We see no error in giving appellant’s 1st, 2d, 3d, 4th, 5th and 7th instructions. There seems to be no foundation for the many objections raised to them. They are the ordinary stock instructions given in such cases.

The objection raised to the giving of appellant’s 10th instruction is more serious. The instruction is as follows:

“ If you find for the plaintiff in this case, then in estimating the damages, if any, arising from such accident, you have a right to take into consideration the money expended or for which she is liable, if any, in attempting to be cured of such injury so arising; for the pain and suffering she has endured, if any, arising from such injury; and for any permanent injury arising from such accident, if any, so far as you *391may believe from the evidence the same is shown, and is justified thereby, not exceeding the amount claimed in the declaration. It is not necessary for plaintiff to make specific proof of the amount of damages, if any, arising from said injury. It is for you to say from all the evidence bearing on the question, what would be compensatory damages.”
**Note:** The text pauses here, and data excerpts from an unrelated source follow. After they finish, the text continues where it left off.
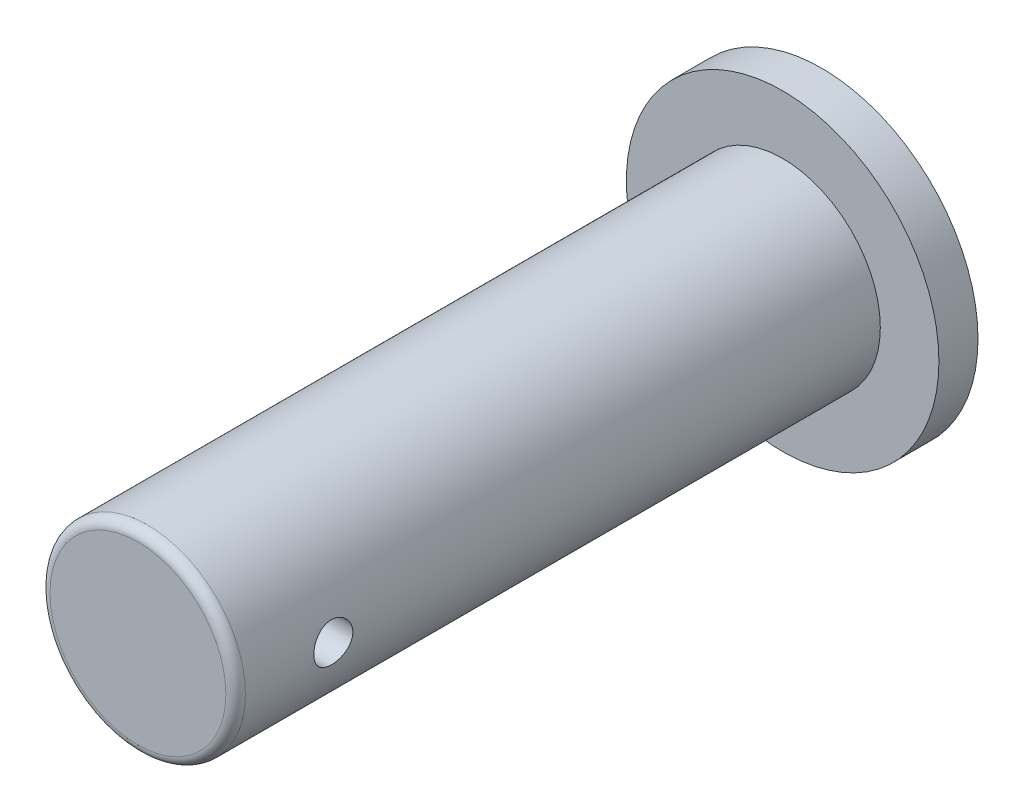
SolidWorks part; units mm, degrees
ref_plane "Front Plane" through (0, 0, 0) normal (0, 0, 1) x (1, 0, 0)
ref_plane "Top Plane" through (0, 0, 0) normal (0, 1, 0) x (1, 0, 0)
ref_plane "Right Plane" through (0, 0, 0) normal (1, 0, 0) x (0, 0, -1)
sketch "Sketch1" plane through (0, 0, 0) normal (0, 0, 1) x (1, 0, 0)
  circle A0 centre (0, 0) radius 5
  circle A1 centre (0, 0) radius 8
extrude "Boss-Extrude1" add sketch "Sketch1" along normal blind 35 contours A0
extrude "Boss-Extrude2" add sketch "Sketch1<3>" along normal blind 2
sketch "Sketch1<3>" plane through (0, 0, 0) normal (0, 0, 1) x (1, 0, 0) same geometry as "Sketch1"
sketch "Sketch3" plane through (0, 0, 0) normal (1, 0, 0) x (0, 0, -1)
  line L0 (-39.0966, 0) -> (5.1669, 0) construction
  line L1 (-35, 5) -> (-35, -5) construction
  circle A0 centre (-30, 0) radius 1
  dimension "D1" = 5
extrude "Cut-Extrude3" cut sketch "Sketch3" against normal through all and the other way through all
fillet "Fillet1" radius 0.5 1 edges at (5, 0, 35)
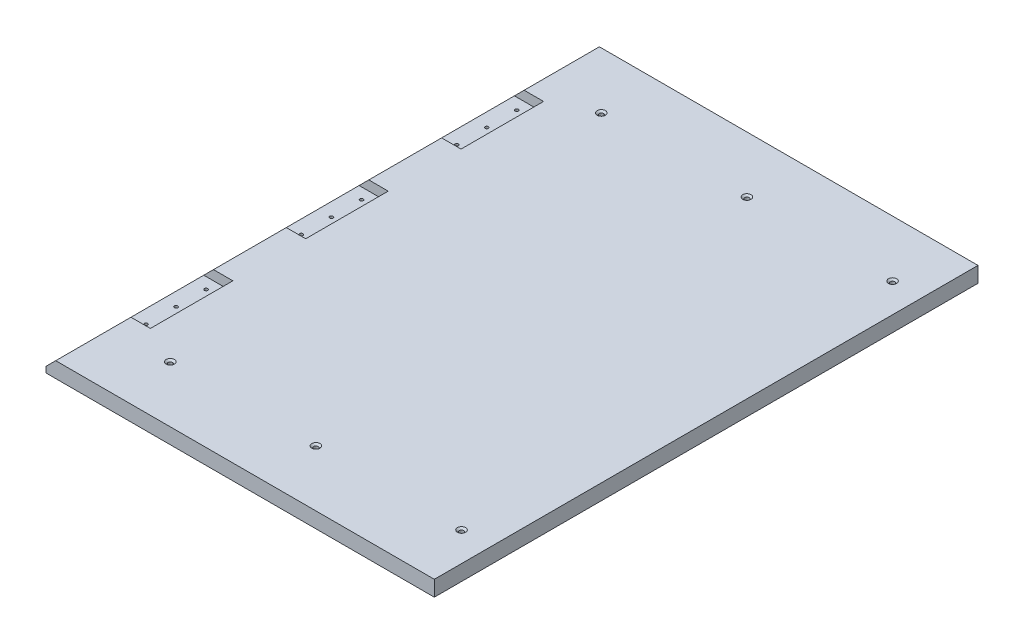
SolidWorks part; units mm, degrees
ref_plane "Front Plane" through (0, 0, 0) normal (0, 0, 1) x (1, 0, 0)
ref_plane "Top Plane" through (0, 0, 0) normal (0, 1, 0) x (1, 0, 0)
ref_plane "Right Plane" through (0, 0, 0) normal (1, 0, 0) x (0, 0, -1)
other "Bounding Box"
ref_plane "Default Plane" through (-200, 16, 280) normal (1, 0, 0) x (0, 0, -1)
sketch "Sketch1" plane through (0, 0, 0) normal (0, 1, 0) x (1, 0, 0)
  line L1 (-200, -280) -> (200, -280)
  line L2 (-200, -280) -> (-200, 280)
  line L3 (-200, 280) -> (200, 280)
  line L4 (200, -280) -> (200, 280)
  line L5 (-200, -280) -> (200, 280) construction
  line L6 (-200, 280) -> (200, -280) construction
  point P0 (0, 0)
  dimension "D1" = 560
  dimension "D2" = 400
extrude "Boss-Extrude1" add sketch "Sketch1" along normal blind 16 contours L2 L3 L4 L1
sketch "Sketch2" plane through (0, 16, 0) normal (0, 1, 0) x (1, 0, 0)
  line L0 (-200, 117.5) -> (-170, 117.5)
  line L1 (-200, 117.5) -> (-200, 202.5)
  line L2 (-200, 202.5) -> (-170, 202.5)
  line L3 (-170, 117.5) -> (-170, 202.5)
  line L4 (0, 0) -> (-170, 0) construction
  line L13 (-200, 280) -> (200, 280) construction
  line L14 (-200, -280) -> (-200, 280) construction
  line L15 (-200, -42.5) -> (-170, -42.5)
  line L16 (-200, -42.5) -> (-200, 42.5)
  line L17 (-200, 42.5) -> (-170, 42.5)
  line L18 (-170, -42.5) -> (-170, 42.5)
  line L19 (-200, -202.5) -> (-170, -202.5)
  line L20 (-200, -202.5) -> (-200, -117.5)
  line L21 (-200, -117.5) -> (-170, -117.5)
  line L22 (-170, -202.5) -> (-170, -117.5)
  point P4 (-170, 160)
  point P12 (-170, 0)
  dimension "D1" = 30
  dimension "D2" = 85
  dimension "D3" = 120
  dimension "D4" = 3
extrude "Cut-Extrude1" cut sketch "Sketch2" against normal blind 10
sketch "Sketch3" plane through (0, 0, 0) normal (0, -1, 0) x (1, 0, 0)
  line L0 (-200, -280) -> (200, -280) construction
  line L1 (-200, 280) -> (-160, 280)
  line L2 (-200, 280) -> (-200, -280)
  line L3 (-200, -280) -> (-160, -280)
  line L4 (-160, 280) -> (-160, -280)
  dimension "D1" = 40
extrude "Boss-Extrude2" [suppressed] add sketch "Sketch3" along normal blind 16
chamfer "Chamfer2" distance 10 angle 45 4 edges at (-200, 16, -241.25) (-200, 16, -80) (-200, 16, 80) (-200, 16, 241.25)
hole_wizard "#8-36 Tapped Hole1" positions "Sketch8" profile "Sketch7" tap size "#8-36" standard "ANSI Inch"
sketch "Sketch8" plane through (0, 6, 0) normal (0, 1, 0) x (1, 0, 0)
  line L0 (-186, -160) -> (-174.3637, -160) construction
  line L2 (-170, -202.5) -> (-170, -117.5) construction
  line L3 (-170, -117.5) -> (-190, -117.5) construction
  line L4 (-200, -202.5) -> (-170, -202.5) construction
  line L5 (-200, -280) -> (-200, -202.5) construction
  line L6 (-190, -280) -> (200, -280) construction
  line L7 (-200, -117.5) -> (-200, -202.5) construction
  point P0 (-186, -129)
  point P2 (-186, -160)
  point P4 (-186, -191)
  dimension "D1" = 16
  dimension "D2" = 62
sketch "Sketch7" plane through (-186, 6, 129) normal (1, 0, 0) x (0, 0, 1)
  line L0 (0, 0) -> (0, 26.0378)
  line L1 (0, 26.0378) -> (1.7272, 25)
  line L2 (1.7272, 25) -> (1.7272, 0)
  line L5 (1.7272, 0) -> (0, 0)
  line L10 (0, 26.0378) -> (-1.7272, 25) construction
  line L11 (0, -6.35) -> (0, 107.95) construction
  dimension "Tap Drill Dia." = 3.4544
  dimension "Tap Drill Depth" = 25
  dimension "Drill Angle" = 118
cosmetic thread "Hole Thread1" parameters "D1"=20, "D2"=4.1656
cosmetic thread "Hole Thread2" parameters "D1"=20, "D2"=4.1656
cosmetic thread "Hole Thread3" parameters "D1"=20, "D2"=4.1656
pattern_linear "LPattern1" count 3 spacing 160 along (0, 0, -1) of "#8-36 Tapped Hole1"
cosmetic thread "Hole Thread4" parameters "D1"=20, "D2"=4.1656
cosmetic thread "Hole Thread5" parameters "D1"=20, "D2"=4.1656
cosmetic thread "Hole Thread6" parameters "D1"=20, "D2"=4.1656
cosmetic thread "Hole Thread7" parameters "D1"=20, "D2"=4.1656
cosmetic thread "Hole Thread8" parameters "D1"=20, "D2"=4.1656
cosmetic thread "Hole Thread9" parameters "D1"=20, "D2"=4.1656
hole_wizard "CSK for #8 Flat Head Machine Screw (100)1" positions "Sketch9" profile "Sketch10" countersink size "#8" standard "ANSI Inch" end condition through all
sketch "Sketch9" plane through (617.7049, 16, 0) normal (0, 1, 0) x (1, 0, 0)
  line L1 (-447.7049, -222) -> (-747.7049, -222) construction
  line L6 (-597.7049, -222) -> (-597.7049, -129.5989) construction
  point P0 (-447.7049, -222)
  point P1 (-597.7049, -222)
  point P2 (-747.7049, -222)
sketch "Sketch10" plane through (170, 16, 222) normal (1, 0, 0) x (0, 0, 1)
  line L0 (0, 0) -> (0, 16)
  line L1 (0, 16) -> (2.2479, 16)
  line L2 (2.2479, 16) -> (2.2479, 1.6518)
  line L3 (2.2479, 1.6518) -> (4.2164, 0)
  line L5 (4.2164, 0) -> (0, 0)
  line L6 (-2.2479, 1.6518) -> (-4.2164, 0) construction
  line L11 (0, -6.35) -> (0, 107.95) construction
  dimension "Thru Hole Dia." = 4.4958
  dimension "Thru Hole Depth" = 16
  dimension "Near C'Sink Dia." = 8.4328
  dimension "Near C'Sink Angle" = 100
mirror "Mirror1" about plane through (0, 0, 0) normal (0, 0, 1) of "CSK for #8 Flat Head Machine Screw (100)1"
sketch "Sketch11" plane through (0, 16, 0) normal (0, 1, 0) x (1, 0, 0)
  line L0 (-190, -280) -> (200, -280) construction
  line L1 (200, 280) -> (184, 280)
  line L2 (200, 280) -> (200, -280)
  line L3 (200, -280) -> (184, -280)
  line L4 (184, 280) -> (184, -280)
  dimension "D1" = 16
extrude "Boss-Extrude3" [suppressed] add sketch "Sketch11" along normal blind 25
fillet "Fillet1" [suppressed] radius 8

This instruction has two specific faults: 1st, it tells the jury that the appellee may recover damages arising from the accident, consisting of “ money expended and for which she is liable, if any, in attempting to be cured of such injury so arising,” when there is no evidence in the record that she had ever expended or was liable for any for such purpose; 2d, in telling the jury that it was not necessary for appellee to make “ specific proof ” of the amount of damages, if any, arising from said injury,” when, in fact, it was necessary to make such proof as to the services mentioned in the first item. Appellee would be required to authorize recovery therefor to make specific proof of the money expended, and for which she was liable in attempting to be cured from the injury. The jury could not estimate it without.

It may be thought that the clause of the instruction telling the jury that specific proof was not required of the damages arising from the injury, referred only to the specifications of pain and suffering and permanent injury.

But as the first item in regard to expenses for being cured, etc., is included in the preceding specifications, such supposition could not be entertained. By it the jury was left to its imagination and conjecture as to the probable amount of expenses incurred and to be incurred by appellee. These expenses were held by the instruction to arise from the injury, and recoverable if there was any proof of them, and that as to the proof there need be nothing specifically shown.

The instruction was very misleading and liable to swell the appellee’s damages beyond what the jury would have estimated them, but for the erroneous instruction, There was no error in refusing appellant’s refused instructions.

Under aE the evidence, taking into consideration the age *392of appellee, fifty-two years at the time of the injury, and what she could probably earn by her occupation, and the probable time remaining to her for actual employment, the damages seem excessive. There could be no exemplary damages allowed, and compensation for pain and suffering ought to be regulated by sound reason.

It is true that an appellate court will not always reverse where there is an instruction given as to the measure of damages not based on the evidence. Murphy v. Larson, 77 Ill. 172. But in the present case there was such an instruction, and in addition the jury were told that it required no specific proof to authorize recovery of the damages. In doubtful cases courts will more readily reverse. T. W. & W. R. W. Co. v. Corn, 71 Ill. 493. For the above error in giving appellee’s tenth instruction, the judgment is reversed and the cause remanded.